In the end, it's doubtful that pigs will be sold at lighter weights, especially if grain prices remain low and slaughter plants don't do a major revision of their payment grids.
Farrowing fewer pigs dramatically ramps up costs as the entire production chain must absorb the inefficiencies associated with under-utilized production facilities.
Even adding more finishing facilities has added costs, which includes the cost of community resistance. That raises the question of whether rural communities will allow more production facilities to be constructed if consumers (generally urban residents) require more space/pig as part of a welfare requirement.

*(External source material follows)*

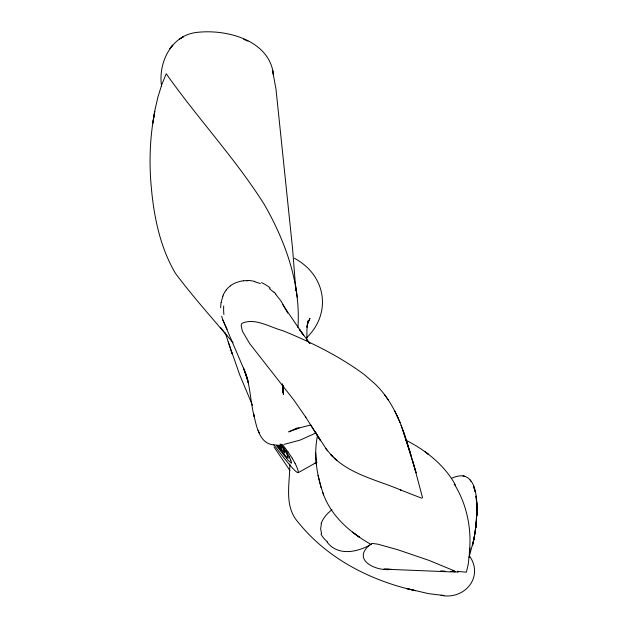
<?xml version="1.0" encoding="UTF-8"?>
<svg xmlns="http://www.w3.org/2000/svg" width="627" height="627" viewBox="0 0 627 627"><rect width="100%" height="100%" fill="white"/><g stroke="black" fill="none" stroke-linecap="round" stroke-linejoin="round"><path stroke-width="0.94" d="M476.841 512.714L475.227 531.931L472.46 545.639C476.606 530.27 486.427 461.84 451.338 478.425M306.807 340.461L306.964 329.59L307.959 320.922L306.971 326.401M289.831 463.964C289.956 483.323 283.647 506.279 298.319 522.432C327.31 558.61 370.823 580.837 415.529 590.705L406.359 588.439L428.398 593.62L443.994 595.517L441.008 595.329C464.309 600.235 484.075 577.287 469.662 556.18M297.927 327.584C300.889 284.219 285.63 241.787 264.39 204.614C235.258 158.38 197.591 118.401 166.257 73.751L161.884 84.355L157.886 97.193L154.94 110.046L152.816 123.331L154.751 111.441C150.566 133.104 149.265 155.284 150.535 177.308L150.574 178.123C152.808 210.923 158.607 244.875 175.552 273.521C193.594 297.504 213.729 319.903 233.126 342.804M282.855 385.237L282.699 392.729L282.628 385.339M323.681 494.828C316.847 476.018 313.367 455.061 317.575 435.263M470.054 548.045L468.212 564.394L466.378 572.2L458.219 571.479M476.583 518.929L475.862 527.526L476.042 525.371L473.863 539.675L474.122 538.468L469.004 557.489M221.01 302.441L220.665 307.755M469.309 553.108C471.865 530.16 467.256 505.911 455.453 486.019M306.854 327.38L308.116 322.333L309.965 318.422L307.52 323.461M321.408 523.365L320.632 528.929L321.565 533.663M222.577 296.524L223.212 294.98M224.458 292.535L224.207 292.974A26.937 15.84 -34.3 0 0 223.298 294.972M273.78 444.527C276.962 449.034 307.747 490.118 295.293 463.721M226.229 289.909L227.483 288.436A15.111 9.381 -32.2 0 1 230.462 285.826M369.695 545.012C351.089 560.467 377.321 571.871 391.663 569.261M306.337 338.031C332.161 313.335 326.103 275.081 294.377 258.269M331.981 509.5L327.717 513.489A28.317 19.288 -27.1 0 0 321.196 523.365M295.881 290.662L292.535 248.316L276.005 89.269L272.596 70.632L273.482 75.068C269.908 39.36 224.56 28.403 194.942 32.659C170.654 36.46 158.059 63.437 161.554 86.048M230.43 285.802L231.269 285.199A16.302 10.345 -32 0 1 235.83 282.738L239.632 281.476A22.846 14.648 -32.1 0 1 243.002 280.88L243.55 280.841M179.534 39.086L183.452 36.695L181.469 37.886M298.186 472.695L316.282 462.538M316.204 432.881L300.223 440.052L284 444.418M297.331 427.865L288.71 431.885L299.032 427.982L295.873 429.08M370.792 544.51C357.39 552.293 337.961 556.368 327.106 542.12M284.587 452.819L277.996 444.974M298.687 428.108L310.177 425.13M389.571 569.12L383.849 569.151L451.448 571.895M246.63 280.724L247.861 280.763M440.773 570.86L444.888 571.158M450.578 571.526L454.943 571.887M450.782 571.479L455.476 571.957M452.451 570.821L452.89 570.876M274.446 444.974C259.053 444.167 256.365 425.521 253.582 413.734L254.201 416.618C250.549 402.534 250.447 387.76 245.878 373.841L248.441 383.105L244.624 370.886L243.503 368.135L247.736 380.134L244.624 370.886L222.679 319.629L221.684 316.133M254.656 281.703L260.37 283.569M454.559 570.938L428.876 560.342L397.871 549.769L377.838 544.173L372.336 543.421L371.325 543.648L371.498 544.33M464.873 476.293L462.969 475.603M421.861 498.261L400.504 489.938L401.061 490.157C378.598 480.47 352.782 475.25 334.285 458.141L336.895 460.484M243.699 39.321L247.978 41.123M406.045 440.272C426.117 450.437 444.535 465.163 455.531 485.126M371.349 544.581C350.375 532.887 330.711 515.95 322.772 492.579M269.391 288.6L273.717 292.206M425.106 451.793L428.265 454.207L427.81 453.838M336.237 459.889L330.531 454.34L333.062 457.044M332.2 456.119L325.875 448.666M275.472 293.953L281.343 301.438L287.166 312.058M226.872 335.578L220.438 327.27M454.113 484.326L455.116 485.564M308.272 341.629L309.385 342.985M401.045 425.231L410.842 454.912C403.537 429.158 394.446 402.197 374.413 383.348L364.044 374.39C339.215 356.097 311.313 342.311 282.832 330.68C270.261 327.419 254.57 317.238 241.826 323.454L241.136 325.444L242.414 331.252L249.742 343.674L293.891 400.097L305.843 417.316L305.576 416.884L320.577 440.75L310.483 424.534M310.044 343.643L299.283 329.175L303.366 335.03L282.793 304.722M282.463 444.567L286.751 450.194M276.836 444.951L285.834 456.221L288.091 458.212A4.922 0.776 61.5 0 0 288.154 457.608L287.903 456.683M279.407 445.389L281.358 447.654L281.217 446.902A5.157 0.737 61.8 0 0 280.857 446.032L279.971 444.355M327.451 450.766L314.809 431.47M281.092 444.206L287.456 453.384M280.88 444.378L284.909 450.335A6.333 0.933 61.1 0 1 286.273 452.835A2.97 0.47 60.9 0 1 286.468 453.219L286.633 453.595M287.746 451.558L292.198 458.118M275.653 444.7L287.942 460.14L291.43 463.157A6.388 1.066 61.1 0 0 291.422 462.217L291.038 460.892M289.87 470.43L274.015 446.996M388.63 400.441L384.476 394.61M280.253 444.065L282.189 446.996A4.875 0.674 61.5 0 1 283.114 448.65L283.663 449.771M470.07 479.984L470.853 481.246M227.131 329.332L222.679 319.629M394.493 410.458L398.09 417.99M289.384 456.973L289.313 456.817A4.405 0.729 60.5 0 0 289.071 456.315A7.54 1.191 60.6 0 0 287.464 453.352M287.409 312.575L287.652 313.092M258.097 430.247L259.312 432.889M252.446 405.246L239.804 375.079L228.236 341.966M289.839 457.961L289.611 457.467A14.256 2.398 60.4 0 0 289.4 456.981M396.632 414.839L400.081 422.622M403.302 431.219L416.109 472.86L409.862 451.526M225.352 333.055L232.17 353.902L231.277 351.12M412.864 461.331L422.527 497.689M318.038 475.376L321.126 487.704M282.252 383.669L283.467 394.454L282.612 384.853M297.237 297.355L295.505 284.885M282.714 385.73L282.989 388.489L282.675 385.143M315.695 453.007L316.416 464.583M280.645 448.281A44.439 3.95 58.9 0 1 281.131 448.94M286.884 450.515A37.573 3.989 58.3 0 1 287.879 451.863M292.158 458.266A10.777 1.677 59.7 0 1 294.682 462.734M294.745 462.844A8.151 1.34 59.8 0 1 295.09 463.549M289.627 457.773A16.075 2.798 60.3 0 1 290.85 460.673M327.443 541.799A63.249 39.971 -38.4 0 1 320.946 534.086M458.313 571.401A83.885 60.827 -32.1 0 1 457.553 571.173M458.165 572.177A19.029 13.143 -65.2 0 1 454.457 571.134M223.902 314.527A89.191 44.368 -48.4 0 1 223.721 305.937M221.292 302.347A41.139 23.066 -37.2 0 1 222.922 296.461M224.56 292.535A19.609 11.788 -33.3 0 1 226.323 289.933M243.566 280.794A31.805 20.307 -31.9 0 1 246.646 280.684M248.041 280.434A46.406 29.297 -31.2 0 1 254.844 281.452M261.498 282.565A83.924 49.807 -25.7 0 1 270.206 288.036M274.046 292.049A111.253 60.835 -15.5 0 1 275.77 293.82M283.6 449.708A8.269 1.254 61.3 0 1 284.509 451.902L284.58 452.083A3.519 0.533 61.5 0 1 284.658 452.804M287.268 455.131A8.566 1.403 60.8 0 1 287.848 456.613M286.711 453.674A19.986 3.354 60.6 0 1 287.323 455.077M476.841 506.757L476.826 515.802L476.591 501.177L476.943 510.284L476.841 506.757M171.304 46.892L169.925 48.655L172.77 45.066L171.304 46.892M316.862 462.193L314.354 463.604L316.823 462.224M359.342 537.127L352.586 532.198L359.342 537.127M474.114 487.931L473.526 486.082L475.29 491.952L474.114 487.931M476.818 505.127L476.081 496.176L476.818 505.127"/></g></svg>

Throughput is not as simple as maximizing output for a given set of inputs. Increasingly, throughput includes consideration of non-traditional restraints in the production decision-making process.
For now, these non-traditional restraints may include animal welfare.
In the future, these restraints may include standards for air emissions and land application, as well as standards for community resistance.
Successful pork producers will be those who can best anticipate and plan for these unexpected restraints.